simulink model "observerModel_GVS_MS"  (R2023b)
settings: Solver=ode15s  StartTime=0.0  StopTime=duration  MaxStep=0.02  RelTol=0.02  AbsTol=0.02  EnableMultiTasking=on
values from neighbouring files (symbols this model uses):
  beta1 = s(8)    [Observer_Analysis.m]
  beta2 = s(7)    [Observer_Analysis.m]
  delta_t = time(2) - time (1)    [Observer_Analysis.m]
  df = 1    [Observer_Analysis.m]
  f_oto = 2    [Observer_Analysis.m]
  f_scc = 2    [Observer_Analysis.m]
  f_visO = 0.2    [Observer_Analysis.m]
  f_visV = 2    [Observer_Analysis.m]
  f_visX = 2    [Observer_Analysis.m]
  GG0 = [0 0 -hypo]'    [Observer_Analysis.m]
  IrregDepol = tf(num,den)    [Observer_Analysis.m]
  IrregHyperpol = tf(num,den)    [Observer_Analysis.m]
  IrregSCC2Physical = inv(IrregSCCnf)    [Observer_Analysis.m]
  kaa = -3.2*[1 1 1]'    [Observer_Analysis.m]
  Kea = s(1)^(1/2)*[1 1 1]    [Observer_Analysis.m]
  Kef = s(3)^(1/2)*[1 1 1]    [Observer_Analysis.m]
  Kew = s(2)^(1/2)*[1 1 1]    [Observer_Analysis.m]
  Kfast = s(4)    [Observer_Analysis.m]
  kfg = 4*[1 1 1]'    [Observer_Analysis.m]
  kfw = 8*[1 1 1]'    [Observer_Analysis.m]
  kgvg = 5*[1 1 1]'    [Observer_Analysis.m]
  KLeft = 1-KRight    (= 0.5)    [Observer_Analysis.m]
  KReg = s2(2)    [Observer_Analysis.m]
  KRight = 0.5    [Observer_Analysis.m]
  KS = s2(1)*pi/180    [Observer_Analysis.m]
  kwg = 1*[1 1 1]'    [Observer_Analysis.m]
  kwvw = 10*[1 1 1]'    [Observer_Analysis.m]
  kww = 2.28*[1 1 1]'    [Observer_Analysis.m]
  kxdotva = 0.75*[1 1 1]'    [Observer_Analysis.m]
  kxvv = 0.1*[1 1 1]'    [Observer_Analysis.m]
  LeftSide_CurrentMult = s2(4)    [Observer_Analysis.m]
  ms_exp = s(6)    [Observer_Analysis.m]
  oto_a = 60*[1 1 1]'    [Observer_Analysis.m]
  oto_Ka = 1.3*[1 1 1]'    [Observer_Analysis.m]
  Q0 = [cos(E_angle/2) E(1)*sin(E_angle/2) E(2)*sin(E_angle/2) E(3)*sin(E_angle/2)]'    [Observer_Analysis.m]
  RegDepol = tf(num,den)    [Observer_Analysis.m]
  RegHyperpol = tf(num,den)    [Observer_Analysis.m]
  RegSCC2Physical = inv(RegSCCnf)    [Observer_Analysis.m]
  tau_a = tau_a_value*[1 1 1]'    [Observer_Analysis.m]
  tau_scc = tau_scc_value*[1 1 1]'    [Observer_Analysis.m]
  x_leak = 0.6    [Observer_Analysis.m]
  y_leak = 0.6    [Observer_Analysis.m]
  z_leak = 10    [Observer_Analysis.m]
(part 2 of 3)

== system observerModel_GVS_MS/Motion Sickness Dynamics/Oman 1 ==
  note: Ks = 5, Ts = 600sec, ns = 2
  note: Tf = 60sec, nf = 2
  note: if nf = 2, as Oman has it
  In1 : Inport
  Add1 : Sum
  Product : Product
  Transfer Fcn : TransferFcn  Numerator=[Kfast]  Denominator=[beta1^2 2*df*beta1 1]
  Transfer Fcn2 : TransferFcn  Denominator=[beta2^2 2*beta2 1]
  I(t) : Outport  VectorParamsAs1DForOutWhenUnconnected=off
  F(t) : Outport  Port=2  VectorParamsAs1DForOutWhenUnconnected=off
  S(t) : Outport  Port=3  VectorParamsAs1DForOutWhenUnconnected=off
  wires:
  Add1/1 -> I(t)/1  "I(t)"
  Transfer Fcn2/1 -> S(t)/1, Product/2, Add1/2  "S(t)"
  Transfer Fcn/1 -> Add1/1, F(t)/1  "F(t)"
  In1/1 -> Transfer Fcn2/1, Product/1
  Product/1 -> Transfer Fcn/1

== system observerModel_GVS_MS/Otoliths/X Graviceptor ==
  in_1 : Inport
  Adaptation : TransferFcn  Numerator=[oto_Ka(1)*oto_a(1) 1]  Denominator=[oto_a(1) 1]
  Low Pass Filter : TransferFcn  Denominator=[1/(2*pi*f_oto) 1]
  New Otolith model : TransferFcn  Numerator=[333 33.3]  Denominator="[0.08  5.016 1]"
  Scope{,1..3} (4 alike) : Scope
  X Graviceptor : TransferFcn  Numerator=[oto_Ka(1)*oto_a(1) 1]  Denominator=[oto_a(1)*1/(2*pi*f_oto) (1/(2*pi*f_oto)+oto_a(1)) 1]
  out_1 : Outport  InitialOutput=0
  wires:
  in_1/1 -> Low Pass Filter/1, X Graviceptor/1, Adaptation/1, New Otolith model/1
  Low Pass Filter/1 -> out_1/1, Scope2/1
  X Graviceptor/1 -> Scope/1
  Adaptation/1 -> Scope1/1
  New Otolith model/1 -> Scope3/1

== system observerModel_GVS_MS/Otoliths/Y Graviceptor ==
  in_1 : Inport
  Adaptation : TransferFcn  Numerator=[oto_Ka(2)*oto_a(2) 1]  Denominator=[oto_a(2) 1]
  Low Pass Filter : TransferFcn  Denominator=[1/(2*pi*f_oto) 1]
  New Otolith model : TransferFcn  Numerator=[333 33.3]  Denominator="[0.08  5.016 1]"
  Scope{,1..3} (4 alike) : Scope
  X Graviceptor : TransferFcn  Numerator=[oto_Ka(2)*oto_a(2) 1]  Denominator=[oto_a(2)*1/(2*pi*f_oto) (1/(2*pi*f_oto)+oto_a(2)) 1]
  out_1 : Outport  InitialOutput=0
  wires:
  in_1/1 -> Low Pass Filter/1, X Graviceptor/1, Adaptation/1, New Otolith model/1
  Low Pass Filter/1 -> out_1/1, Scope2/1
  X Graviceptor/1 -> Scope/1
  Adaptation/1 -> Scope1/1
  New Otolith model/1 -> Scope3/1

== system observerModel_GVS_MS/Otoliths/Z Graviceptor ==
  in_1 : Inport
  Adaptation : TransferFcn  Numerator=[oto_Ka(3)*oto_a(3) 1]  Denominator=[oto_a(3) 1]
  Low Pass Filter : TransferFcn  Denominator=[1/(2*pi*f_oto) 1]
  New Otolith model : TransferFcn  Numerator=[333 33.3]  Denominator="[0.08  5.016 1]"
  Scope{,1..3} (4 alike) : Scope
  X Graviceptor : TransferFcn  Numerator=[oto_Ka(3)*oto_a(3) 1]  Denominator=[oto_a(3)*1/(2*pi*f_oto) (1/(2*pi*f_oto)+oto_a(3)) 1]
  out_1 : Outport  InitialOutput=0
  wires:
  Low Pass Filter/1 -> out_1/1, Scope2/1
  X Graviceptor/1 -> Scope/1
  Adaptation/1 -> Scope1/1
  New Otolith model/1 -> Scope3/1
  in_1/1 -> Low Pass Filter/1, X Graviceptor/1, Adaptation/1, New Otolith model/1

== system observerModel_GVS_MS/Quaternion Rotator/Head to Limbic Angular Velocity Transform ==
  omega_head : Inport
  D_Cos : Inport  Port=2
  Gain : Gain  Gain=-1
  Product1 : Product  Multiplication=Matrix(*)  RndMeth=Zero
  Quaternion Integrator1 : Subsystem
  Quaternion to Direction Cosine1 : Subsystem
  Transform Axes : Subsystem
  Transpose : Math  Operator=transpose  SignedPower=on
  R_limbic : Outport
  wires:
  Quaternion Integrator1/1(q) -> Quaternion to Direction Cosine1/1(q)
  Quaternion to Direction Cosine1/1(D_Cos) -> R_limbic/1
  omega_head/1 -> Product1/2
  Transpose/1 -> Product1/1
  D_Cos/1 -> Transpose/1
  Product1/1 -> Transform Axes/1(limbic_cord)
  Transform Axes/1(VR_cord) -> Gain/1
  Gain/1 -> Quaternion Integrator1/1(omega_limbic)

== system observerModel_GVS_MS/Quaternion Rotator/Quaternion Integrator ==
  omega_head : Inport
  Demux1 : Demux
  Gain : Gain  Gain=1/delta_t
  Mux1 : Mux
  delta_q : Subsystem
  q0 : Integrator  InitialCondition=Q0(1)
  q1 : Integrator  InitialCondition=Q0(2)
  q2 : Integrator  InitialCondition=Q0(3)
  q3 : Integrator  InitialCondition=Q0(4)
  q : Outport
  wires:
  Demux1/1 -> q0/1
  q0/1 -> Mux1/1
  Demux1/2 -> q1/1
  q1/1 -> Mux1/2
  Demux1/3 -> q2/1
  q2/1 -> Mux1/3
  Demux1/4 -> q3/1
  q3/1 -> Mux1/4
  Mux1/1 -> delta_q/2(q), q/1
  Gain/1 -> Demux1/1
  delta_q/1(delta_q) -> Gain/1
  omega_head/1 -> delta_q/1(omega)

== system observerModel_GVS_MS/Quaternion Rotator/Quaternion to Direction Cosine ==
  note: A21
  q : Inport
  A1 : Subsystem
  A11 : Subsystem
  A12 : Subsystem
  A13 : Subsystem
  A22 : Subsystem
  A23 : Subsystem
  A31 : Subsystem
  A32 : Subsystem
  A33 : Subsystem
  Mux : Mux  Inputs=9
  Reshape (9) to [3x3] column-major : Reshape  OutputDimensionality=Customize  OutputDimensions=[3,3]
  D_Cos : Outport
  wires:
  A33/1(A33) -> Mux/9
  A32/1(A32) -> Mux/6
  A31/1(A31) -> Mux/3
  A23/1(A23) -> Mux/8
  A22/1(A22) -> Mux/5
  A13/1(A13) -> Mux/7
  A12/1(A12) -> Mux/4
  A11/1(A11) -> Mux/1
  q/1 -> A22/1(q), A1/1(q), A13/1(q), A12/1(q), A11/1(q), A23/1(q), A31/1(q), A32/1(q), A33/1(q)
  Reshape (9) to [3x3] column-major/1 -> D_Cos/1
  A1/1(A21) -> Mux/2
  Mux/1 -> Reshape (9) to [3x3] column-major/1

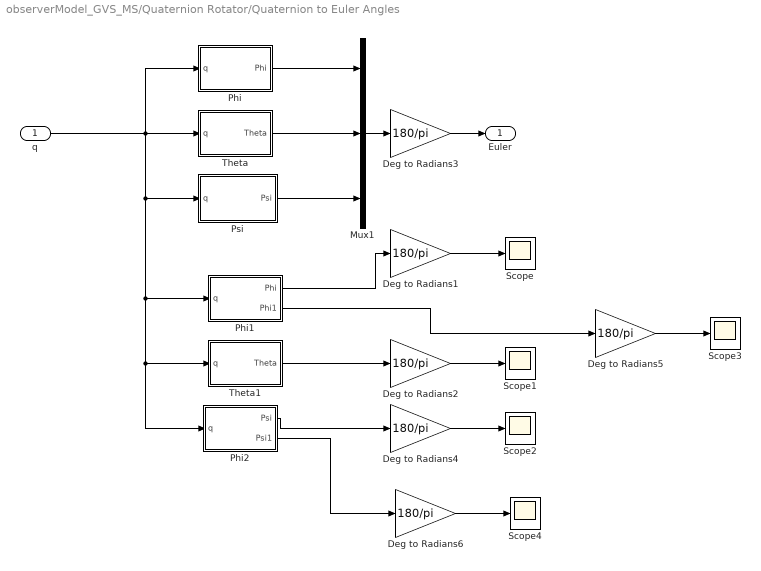
== system observerModel_GVS_MS/Quaternion Rotator/Quaternion to Euler Angles ==
  q : Inport
  Deg to Radians{1..6} (6 alike) : Gain  Gain=180/pi  SaturateOnIntegerOverflow=on  OutDataTypeStr=Inherit: Same as input  ParamDataTypeStr=Inherit: Same as input
  Mux1 : Mux  Inputs=3
  Phi : Subsystem
  Phi1 : Subsystem
  Phi2 : Subsystem
  Psi : Subsystem
  Scope{,1..4} (5 alike) : Scope
  Theta : Subsystem
  Theta1 : Subsystem
  Euler : Outport
  wires:
  Phi/1(Phi) -> Mux1/1
  Psi/1(Psi) -> Mux1/3
  Theta/1(Theta) -> Mux1/2
  q/1 -> Theta/1(q), Phi/1(q), Psi/1(q), Phi1/1(q), Theta1/1(q), Phi2/1(q)
  Mux1/1 -> Deg to Radians3/1
  Deg to Radians3/1 -> Euler/1
  Deg to Radians1/1 -> Scope/1
  Deg to Radians2/1 -> Scope1/1
  Deg to Radians4/1 -> Scope2/1
  Phi1/1(Phi) -> Deg to Radians1/1
  Theta1/1(Theta) -> Deg to Radians2/1
  Phi2/1(Psi) -> Deg to Radians4/1
  Deg to Radians5/1 -> Scope3/1
  Phi1/2(Phi1) -> Deg to Radians5/1
  Deg to Radians6/1 -> Scope4/1
  Phi2/2(Psi1) -> Deg to Radians6/1

== system observerModel_GVS_MS/Quaternion Rotator/Rotation ==
  D_Cos : Inport
  omega_rad : Inport  Port=2
  Azimuthal Integrator : Subsystem
  Ground Truth Gravity over time : FromWorkspace  VariableName=[t,G0]  ZeroCross=off
  Matrix Multiplication : Subsystem
  g : Outport
  azimuth : Outport  Port=2
  wires:
  D_Cos/1 -> Matrix Multiplication/1(D_Cos), Azimuthal Integrator/2(D_Cos)
  Matrix Multiplication/1(g) -> g/1, Azimuthal Integrator/1(g)
  omega_rad/1 -> Azimuthal Integrator/3(omega_rad)
  Azimuthal Integrator/1(azimuth) -> azimuth/1
  Ground Truth Gravity over time/1 -> Matrix Multiplication/2(G0)

== system observerModel_GVS_MS/Quaternion Rotator/Tilt & SVV ==
  g : Inport
  SVV Calculator : Subsystem
  Tilt Calculator : Subsystem
  Tilt : Outport
  SVV : Outport  Port=2
  wires:
  g/1 -> SVV Calculator/1(g), Tilt Calculator/1(g)
  Tilt Calculator/1(Tilt) -> Tilt/1
  SVV Calculator/1(SVV) -> SVV/1

== system observerModel_GVS_MS/Quaternion Rotator2/Head to Limbic Angular Velocity Transform Rotation Matrix ==
  omega_est : Inport
  D_Cos : Inport  Port=2
  Gain : Gain  Gain=-1
  Product1 : Product  Multiplication=Matrix(*)  RndMeth=Zero
  Quaternion Integrator1 : Subsystem
  Quaternion to Direction Cosine1 : Subsystem
  Transform Axes : Subsystem
  Transpose : Math  Operator=transpose  SignedPower=on
  R_limbic_est : Outport
  wires:
  Quaternion Integrator1/1(q) -> Quaternion to Direction Cosine1/1(q)
  Quaternion to Direction Cosine1/1(D_Cos) -> R_limbic_est/1
  omega_est/1 -> Product1/2
  Transpose/1 -> Product1/1
  D_Cos/1 -> Transpose/1
  Product1/1 -> Transform Axes/1(limbic_cord)
  Transform Axes/1(VR_cord) -> Gain/1
  Gain/1 -> Quaternion Integrator1/1(omega_limbic)

== system observerModel_GVS_MS/Quaternion Rotator2/Quaternion Integrator ==
  omega_rad_est : Inport
  Demux1 : Demux
  Gain : Gain  Gain=1/delta_t
  Mux1 : Mux
  delta_q : Subsystem
  q0 : Integrator  InitialCondition=Q0(1)
  q1 : Integrator  InitialCondition=Q0(2)
  q2 : Integrator  InitialCondition=Q0(3)
  q3 : Integrator  InitialCondition=Q0(4)
  q : Outport
  wires:
  Demux1/1 -> q0/1
  q0/1 -> Mux1/1
  Demux1/2 -> q1/1
  q1/1 -> Mux1/2
  Demux1/3 -> q2/1
  q2/1 -> Mux1/3
  Demux1/4 -> q3/1
  q3/1 -> Mux1/4
  Mux1/1 -> delta_q/2(q), q/1
  Gain/1 -> Demux1/1
  delta_q/1(delta_q) -> Gain/1
  omega_rad_est/1 -> delta_q/1(omega)

== system observerModel_GVS_MS/Quaternion Rotator2/Quaternion to Direction Cosine ==
  note: A21
  q : Inport
  A1 : Subsystem
  A11 : Subsystem
  A12 : Subsystem
  A13 : Subsystem
  A22 : Subsystem
  A23 : Subsystem
  A31 : Subsystem
  A32 : Subsystem
  A33 : Subsystem
  Mux : Mux  Inputs=9
  Reshape (9) to [3x3] column-major : Reshape  OutputDimensionality=Customize  OutputDimensions=[3,3]
  D_Cos : Outport
  wires:
  A33/1(A33) -> Mux/9
  A32/1(A32) -> Mux/6
  A31/1(A31) -> Mux/3
  A23/1(A23) -> Mux/8
  A22/1(A22) -> Mux/5
  A13/1(A13) -> Mux/7
  A12/1(A12) -> Mux/4
  A11/1(A11) -> Mux/1
  q/1 -> A22/1(q), A1/1(q), A13/1(q), A12/1(q), A11/1(q), A23/1(q), A31/1(q), A32/1(q), A33/1(q)
  Reshape (9) to [3x3] column-major/1 -> D_Cos/1
  A1/1(A21) -> Mux/2
  Mux/1 -> Reshape (9) to [3x3] column-major/1

== system observerModel_GVS_MS/Quaternion Rotator2/Quaternion to Euler Angles ==
  q : Inport
  Deg to Radians3 : Gain  Gain=180/pi  SaturateOnIntegerOverflow=on  OutDataTypeStr=Inherit: Same as input  ParamDataTypeStr=Inherit: Same as input
  Mux1 : Mux  Inputs=3
  Phi : Subsystem
  Psi : Subsystem
  Theta : Subsystem
  Euler : Outport
  wires:
  Phi/1(Phi) -> Mux1/1
  Psi/1(Psi) -> Mux1/3
  Theta/1(Theta) -> Mux1/2
  q/1 -> Phi/1(q), Theta/1(q), Psi/1(q)
  Mux1/1 -> Deg to Radians3/1
  Deg to Radians3/1 -> Euler/1

== system observerModel_GVS_MS/Quaternion Rotator2/Rotation ==
  D_Cos : Inport
  omega_rad : Inport  Port=2
  Azimuthal Integrator : Subsystem
  Hypo Gravity State : Constant  Value=GG0  VectorParams1D=off
  Matrix Multiplication : Subsystem
  g : Outport
  azimuth : Outport  Port=2
  wires:
  Hypo Gravity State/1 -> Matrix Multiplication/2(GG0)
  D_Cos/1 -> Matrix Multiplication/1(D_Cos), Azimuthal Integrator/2(D_Cos)
  Matrix Multiplication/1(g) -> g/1, Azimuthal Integrator/1(g)
  omega_rad/1 -> Azimuthal Integrator/3(omega_rad)
  Azimuthal Integrator/1(azimuth) -> azimuth/1

== system observerModel_GVS_MS/Quaternion Rotator2/Tilt & SVV ==
  g : Inport
  SVV Calculator : Subsystem
  Tilt Calculator : Subsystem
  Tilt : Outport
  SVV : Outport  Port=2
  wires:
  g/1 -> Tilt Calculator/1(g), SVV Calculator/1(g)
  Tilt Calculator/1(Tilt) -> Tilt/1
  SVV Calculator/1(SVV) -> SVV/1

== system observerModel_GVS_MS/SCC GVS /Left Irregular Hyper//Depol  ==
  In1 : Inport
  If : If
  If Action Subsystem : Subsystem  TreatAsAtomicUnit=on
  If Action Subsystem1 : Subsystem  TreatAsAtomicUnit=on
  Merge : Merge
  Out1 : Outport
  wires:
  In1/1 -> If Action Subsystem1/1(In1), If Action Subsystem/1(In1), If/1
  Merge/1 -> Out1/1
  If/1 -> If Action Subsystem/Action
  If Action Subsystem/1(Out1) -> Merge/1
  If Action Subsystem1/1(Out1) -> Merge/2
  If/2 -> If Action Subsystem1/Action

== system observerModel_GVS_MS/SCC GVS /Left Regular Hyper//Depol ==
  In1 : Inport
  If : If
  If Action Subsystem : Subsystem  TreatAsAtomicUnit=on
  If Action Subsystem1 : Subsystem  TreatAsAtomicUnit=on
  Merge : Merge
  Out1 : Outport
  wires:
  In1/1 -> If Action Subsystem1/1(In1), If Action Subsystem/1(In1), If/1
  Merge/1 -> Out1/1
  If/1 -> If Action Subsystem/Action
  If Action Subsystem/1(Out1) -> Merge/1
  If Action Subsystem1/1(Out1) -> Merge/2
  If/2 -> If Action Subsystem1/Action

== system observerModel_GVS_MS/SCC GVS /Right Irregular Hyper//Depol  ==
  In1 : Inport
  If : If
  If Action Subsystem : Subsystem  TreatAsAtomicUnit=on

• [WORK ITEM]
Once you reach the line containing "beta2 = s(7)", include it and stop; until then, reproduce each line of the listing from its start exactly.

• [RESPONSE TO THIS EXERCISE]
simulink model "observerModel_GVS_MS"  (R2023b)
settings: Solver=ode15s  StartTime=0.0  StopTime=duration  MaxStep=0.02  RelTol=0.02  AbsTol=0.02  EnableMultiTasking=on
values from neighbouring files (symbols this model uses):
  beta1 = s(8)    [Observer_Analysis.m]
  beta2 = s(7)    [Observer_Analysis.m]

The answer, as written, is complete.